Housing motion prompts long debate

By Lyonel Doherty

Times-Chronicle

Establishing supportive housing in Oliver won’t happen anytime soon.

A motion by Coun. Aimee Grice prompted a long debate on Monday when she recommended that council engage with the province to initiate the building of supportive housing in the community.

She noted that a housing assessment identified 35 to 40 residents of the town currently experiencing homelessness.

Coun. Larry Schwarzenberger said he definitely is in favour of supportive housing but noted that a cold weather shelter is already on the town’s priority list. He stated his desire to get more information on what supports (for mental health and addictions) are available locally before moving ahead with supportive housing.

Coun. Dave Mattes said he didn’t want council to commit any land to the project until they know what is available.

“I don’t know anyone who is against supportive housing or affordable housing; you can’t be. But I am concerned about putting more on staff’s plate.”

But Grice was persistent in her belief that council should forge ahead with the proposal.

She noted the cold weather shelter is a 2021 project assisting people from November to March.

Grice said council can direct staff to investigate (with the province) to find out what grants are available for supportive housing.

Coun. Petra Veintimilla said she isn’t sure if the town has have enough resources to support this project.

Chief Administrative Officer Cathy Cowan said they do not have a piece of land immediately identified for it.

Mattes expressed his concern that the motion was asking council to be the driving force behind it.

Grice said they are merely seeing what funding is available.

But Schwarzenberger said he was a “little leery” about lumping supportive housing with a cold weather shelter.

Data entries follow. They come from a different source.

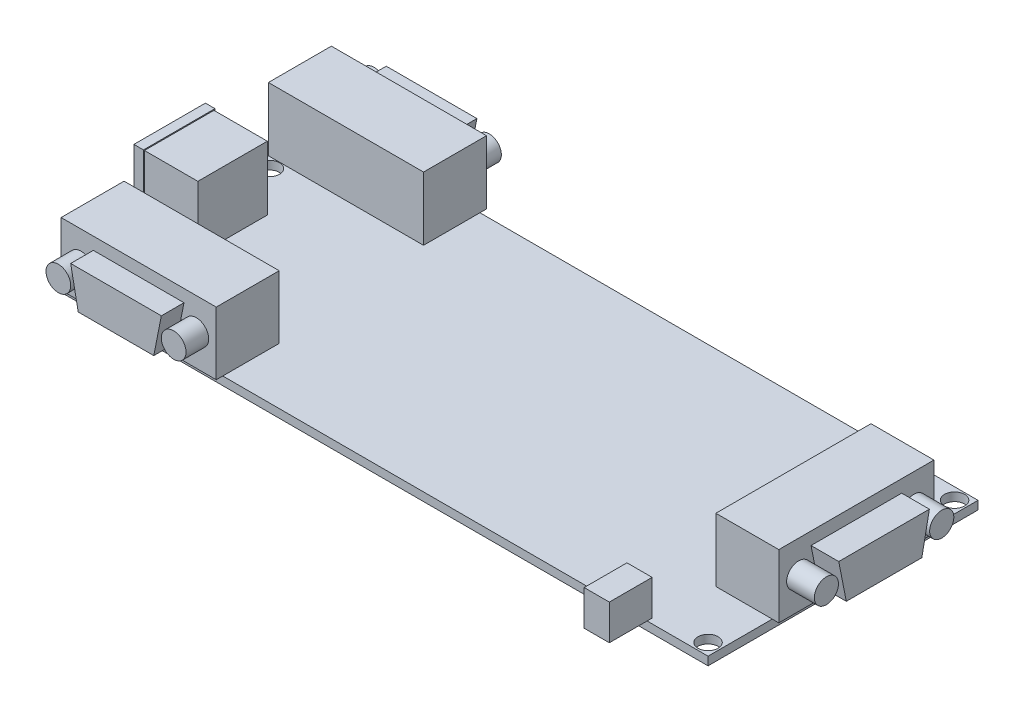
from build123d import *

# Parameters (mm, degrees)
SKETCH1_W           = 129.7
SKETCH1_H           = 53.6
BOARDBASE_DEPTH     = 1.67
SKETCH3_W           = 12.5
SKETCH3_H           = 30.8
BOSS_EXTRUDE2_DEPTH = 12.6
SKETCH4_R           = 2.4
BOSS_EXTRUDE3_DEPTH = 5.5
SKETCH6_W           = 30.8
SKETCH6_H           = 12.5
BOSS_EXTRUDE5_DEPTH = 12.5
SKETCH7_R           = 2.45
BOSS_EXTRUDE6_DEPTH = 4.5
SKETCH5_W           = 30.8
SKETCH5_H           = 12.5
BOSS_EXTRUDE4_DEPTH = 12.6
SKETCH9_R           = 2.4
BOSS_EXTRUDE7_DEPTH = 4.5
SKETCH10_W          = 10.6
SKETCH10_H          = 13.8
BOSS_EXTRUDE8_DEPTH = 12.7
SKETCH12_W          = 14.2
SKETCH12_H          = 13.1
BOSS_EXTRUDE9_DEPTH = 1.9
SKETCH13_W          = 5.2
SKETCH13_H          = 46.3
MOLEXHEADER_DEPTH   = 2.7
SKETCH14_R          = 2
MOUNTHOLES_DEPTH    = 80.767740973
SKETCH15_W          = 5
SKETCH15_H          = 8.5
STIMHEADER_DEPTH    = 7


with BuildPart() as part:
    # Sketch1 → BoardBase (new body)
    with BuildSketch(Plane(origin=(0, 0, 0), x_dir=(1, 0, 0), z_dir=(0, 1, 0))):
        Rectangle(SKETCH1_W, SKETCH1_H)
    extrude(amount=BOARDBASE_DEPTH)

    # Sketch3 → Boss-Extrude2 (add)
    with BuildSketch(Plane(origin=(0, 1.67, 0), x_dir=(1, 0, 0), z_dir=(0, 1, 0))):
        with Locations((59.9, 1.35)):
            Rectangle(SKETCH3_W, SKETCH3_H)
    extrude(amount=BOSS_EXTRUDE2_DEPTH)

    # Sketch4 → Boss-Extrude3 (add)
    with BuildSketch(Plane(origin=(66.15, 0, 0), x_dir=(0, 0, -1), z_dir=(1, 0, 0))):
        with Locations((-10.1, 7.97)):
            Circle(SKETCH4_R)
        with Locations((12.8, 7.97)):
            Circle(SKETCH4_R)
        Polygon((-7.65, 11.77), (10.35, 11.77), (8.85, 4.17), (-6.15, 4.17), align=None)
    extrude(amount=BOSS_EXTRUDE3_DEPTH)

    # Sketch6 → Boss-Extrude5 (add)
    with BuildSketch(Plane(origin=(0, 1.67, 0), x_dir=(1, 0, 0), z_dir=(0, 1, 0))):
        with Locations((-46.9, -21.85)):
            Rectangle(SKETCH6_W, SKETCH6_H)
    extrude(amount=BOSS_EXTRUDE5_DEPTH)

    # Sketch7 → Boss-Extrude6 (add)
    with BuildSketch(Plane.XY.offset(28.1)):
        with Locations((-58.35, 7.92)):
            Circle(SKETCH7_R)
        with Locations((-35.45, 7.92)):
            Circle(SKETCH7_R)
        Polygon((-55.9, 11.72), (-37.9, 11.72), (-39.4, 4.12), (-54.4, 4.12), align=None)
    extrude(amount=BOSS_EXTRUDE6_DEPTH)

    # Sketch5 → Boss-Extrude4 (add)
    with BuildSketch(Plane(origin=(0, 1.67, 0), x_dir=(1, 0, 0), z_dir=(0, 1, 0))):
        with Locations((-49.44, 21.85)):
            Rectangle(SKETCH5_W, SKETCH5_H)
    extrude(amount=BOSS_EXTRUDE4_DEPTH)

    # Sketch9 → Boss-Extrude7 (add)
    with BuildSketch(Plane(origin=(0, 0, -28.1), x_dir=(-1, 0, 0), z_dir=(0, 0, -1))):
        with Locations((37.99, 7.97)):
            Circle(SKETCH9_R)
        with Locations((60.89, 7.97)):
            Circle(SKETCH9_R)
        Polygon((40.44, 11.77), (58.44, 11.77), (56.94, 4.17), (41.94, 4.17), align=None)
    extrude(amount=BOSS_EXTRUDE7_DEPTH)

    # Sketch10 → Boss-Extrude8 (add)
    with BuildSketch(Plane(origin=(0, 1.67, 0), x_dir=(1, 0, 0), z_dir=(0, 1, 0))):
        with Locations((-60.05, -1.6)):
            Rectangle(SKETCH10_W, SKETCH10_H)
    extrude(amount=BOSS_EXTRUDE8_DEPTH)

    # Sketch12 → Boss-Extrude9 (add)
    with BuildSketch(Plane.ZY.offset(65.35)):
        with Locations((1.6, 8.02)):
            Rectangle(SKETCH12_W, SKETCH12_H)
    extrude(amount=BOSS_EXTRUDE9_DEPTH)

    # Sketch13 → MolexHeader (add)
    with BuildSketch(Plane.XZ):
        with Locations((45.75, -2.65)):
            Rectangle(SKETCH13_W, SKETCH13_H)
    extrude(amount=MOLEXHEADER_DEPTH)

    # Sketch14 → MountHoles (cut, through all)
    with BuildSketch(Plane(origin=(0, 1.67, 0), x_dir=(1, 0, 0), z_dir=(0, 1, 0))):
        with Locations((62.5, 24.5)):
            Circle(SKETCH14_R)
        with Locations((62.5, -24.45)):
            Circle(SKETCH14_R)
        with Locations((-62.55, -12.9)):
            Circle(SKETCH14_R)
        with Locations((-62.55, 13.5)):
            Circle(SKETCH14_R)
    extrude(amount=-MOUNTHOLES_DEPTH, mode=Mode.SUBTRACT)

    # Sketch15 → StimHeader (add)
    with BuildSketch(Plane(origin=(0, 1.67, 0), x_dir=(1, 0, 0), z_dir=(0, 1, 0))):
        with Locations((50.25, -30.05)):
            Rectangle(SKETCH15_W, SKETCH15_H)
    extrude(amount=STIMHEADER_DEPTH)


solid = part.part

“I don’t think they necessarily do the same thing.”

He said because the shelter is already on council’s priority list, it should focus on that first.

Cowan explained that BC Housing can provide support for a shelter for a four-month period, 24 hours a day. This would include a bed, a hot meal, laundry and shower facilities.

Grice said it might make more sense to provide the shelter permanently.

Mattes questioned whether providing shelter for people is the town’s role, but he made it clear that he personally supports the initiative.

Mayor Martin Johansen said it would take some time to get these projects off the ground due to the upcoming election and the government treasury “shutting down.”

In the end, Grice withdrew her motion and council agreed to engage with Desert Sun Counselling and Resource Centre to determine what resources are available for supportive housing.